# Raw chicken wings for an 8.5 week old pup?Now at the vets!



## PJD001 (Jul 28, 2006)

One of the people who picked up their pup from us this week just sent me an email saying the pup was spending the night at the vets, They fed her a raw chicken wing and it did not digest. The vet said it is OK to feed them that. I can't imagine it at that age. Apparently her little tummy was full from her normal food and the wing did not digest properly and had to give her an enema and Xrays. Their tummies are so small at that age. I would imagine the pup would not have chewed it to start with! I have never fed my dogs raw chicken bones ever. Poor little girl, hope she is OK.


----------



## Blaireli (Jun 3, 2008)

Poor baby! I can't believe the vet would feed her that!


----------



## Fennway (Mar 16, 2009)

you have to wonder where the logic comes from sometimes, love my vet but i dont hang off her every word, if she told me to feed our guy raw chicken, id say no thanks.
Hope the little one is ok


----------



## PowderPuff791 (Mar 12, 2009)

Never mind at that age, aren't chicken bones the WORST that a dog could get into?


----------



## kwhit (Apr 7, 2008)

I know a lot of breeders that wean their puppies straight onto raw. It's really not that uncommon. However, kibble and raw digest at different rates, that's probably where they ran into trouble if both were fed around the same time.


----------



## AmbikaGR (Dec 31, 2007)

I am one of those people who lack logic and wean my pups onto raw food at 4-5 weeks of age.  
At that time they get chicken wings and they basically suck/chew the meat off the bone and gnaw on the bones. By the time they are 8-9 weeks of age I no longer give chicken wings as they just inhale, don't chew, them. At this age they get larger pieces of poultry to ensure they chew it. 
The chicken bones are fine and healthy for the pup to eat as long as they are NOT cooked as this causes the bones to become brittle and dangerous. My guess in this situation is the pup swallowed the wing whole and that is why it had a problem processing it.


----------



## PJD001 (Jul 28, 2006)

kwhit said:


> I know a lot of breeders that wean their puppies straight onto raw. It's really not that uncommon. However, kibble and raw digest at different rates, that's probably where they ran into trouble if both were fed around the same time.


Yeah but wings? It's the bones that would worry me.


----------



## kwhit (Apr 7, 2008)

PJD001 said:


> It's the bones that would worry me.


If the bones are raw, they're fine. 

I'll ask my friend what she starts with. She breeds Field Spaniels.


----------



## norabrown (Jul 20, 2007)

PowderPuff791 said:


> Never mind at that age, aren't chicken bones the WORST that a dog could get into?


If you are feeding "Raw" which many people do chicken wings and turkey wings are an excellent part of the dogs diet.

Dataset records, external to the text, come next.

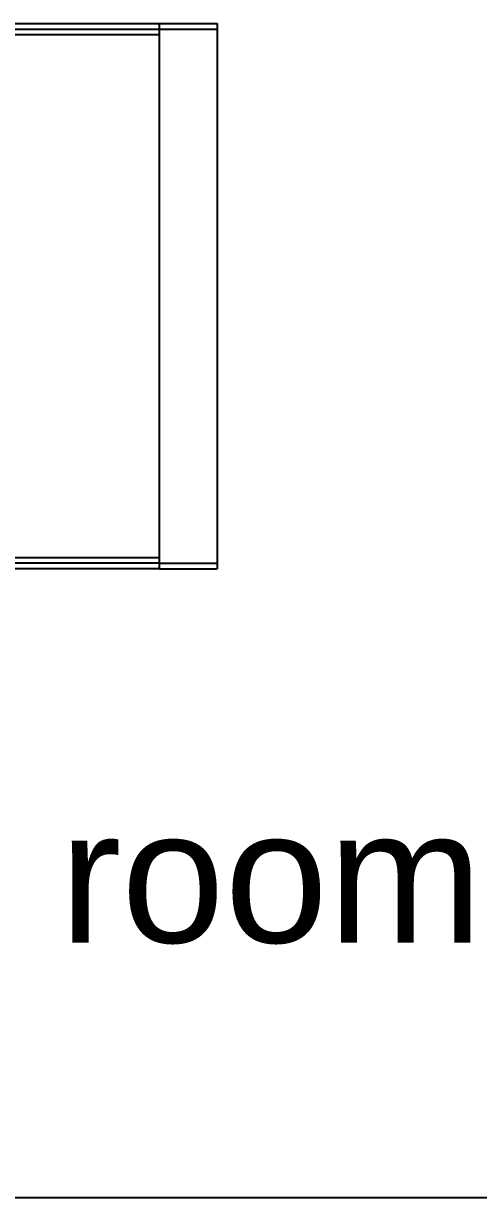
# Model space of a CAD drawing. Header units: metres. Extents: x 244.4 to 340.3, y -4.1 to 64.3.
# Drawn here: x 253.879 to 254.507, y 38.751 to 40.37 of the extents above; entities that cross this region are included whole.
import ezdxf

# ---------------------------------------------------------------- set-up
doc = ezdxf.new("R2010")
doc.units = ezdxf.units.M
doc.layers.add('Edges', color=7, linetype='Continuous')
doc.styles.get("Standard").update_dxf_attribs({"font": 'arial.ttf'})

# ---------------------------------------------------------------- blocks, each defined once
blk = doc.blocks.new('Sofa set 04 pl')
at = {"layer": 'Edges'}
for p, q in [((152.656, 192.134), (150.156, 192.134)), ((150.156, 192.134), (150.156, 191.884)), ((152.656, 191.884), (150.156, 191.884)), ((150.156, 191.884), (150.156, 168.634)), ((186.906, 192.134), (152.656, 192.132)), ((152.656, 192.132), (152.656, 192.134)), ((152.656, 191.884), (152.656, 192.132)), ((186.906, 191.884), (152.656, 191.882)), ((152.656, 191.884), (152.656, 191.882)), ((152.656, 191.634), (152.656, 191.882)), ((152.656, 168.884), (152.656, 191.634)), ((152.656, 191.634), (186.906, 191.634)), ((168.54, 168.884), (152.656, 168.884)), ((152.656, 168.634), (152.656, 168.884)), ((152.656, 168.634), (150.156, 168.634)), ((150.156, 168.634), (150.156, 168.384)), ((152.656, 168.384), (150.156, 168.384)), ((152.656, 168.634), (168.518, 168.635)), ((152.656, 168.384), (152.656, 168.634)), ((152.656, 168.384), (168.497, 168.385)), ((210.4, 141.01), (123.4, 141.01))]:
    blk.add_line(p, q, dxfattribs=at)

msp = doc.modelspace()

# ---------------------------------------------------------------- block references
at = {"xscale": -0.03168200485858711, "yscale": 0.03168200485858711, "zscale": 0.03168200485858711}
msp.add_blockref('Sofa set 04 pl', (258.9031, 34.2832), dxfattribs=at)

# ---------------------------------------------------------------- texts
at = {"layer": 'Edges', "insert": (253.1447, 39.2858), "char_height": 0.183522, "width": 1.561448, "attachment_point": 1}
msp.add_mtext('Sitting room', dxfattribs=at)

doc.saveas('drawing.dxf')

Remember in the wild they do not cook their food and they often hunt birds and chickens.


----------



## nixietink (Apr 3, 2008)

Doesn't it also become an issue as well when a dog was given raw and kibble around the same time?


----------



## Lisa_and_Willow. (Dec 18, 2007)

Diesel was weaned onto raw and I happily fed him chicken wings when I got him at 8 weeks. He was raw fed until about 4 months when my local butcher closed so I moved to raw frozen blocks. I feed kibble now but I was fine feeding raw.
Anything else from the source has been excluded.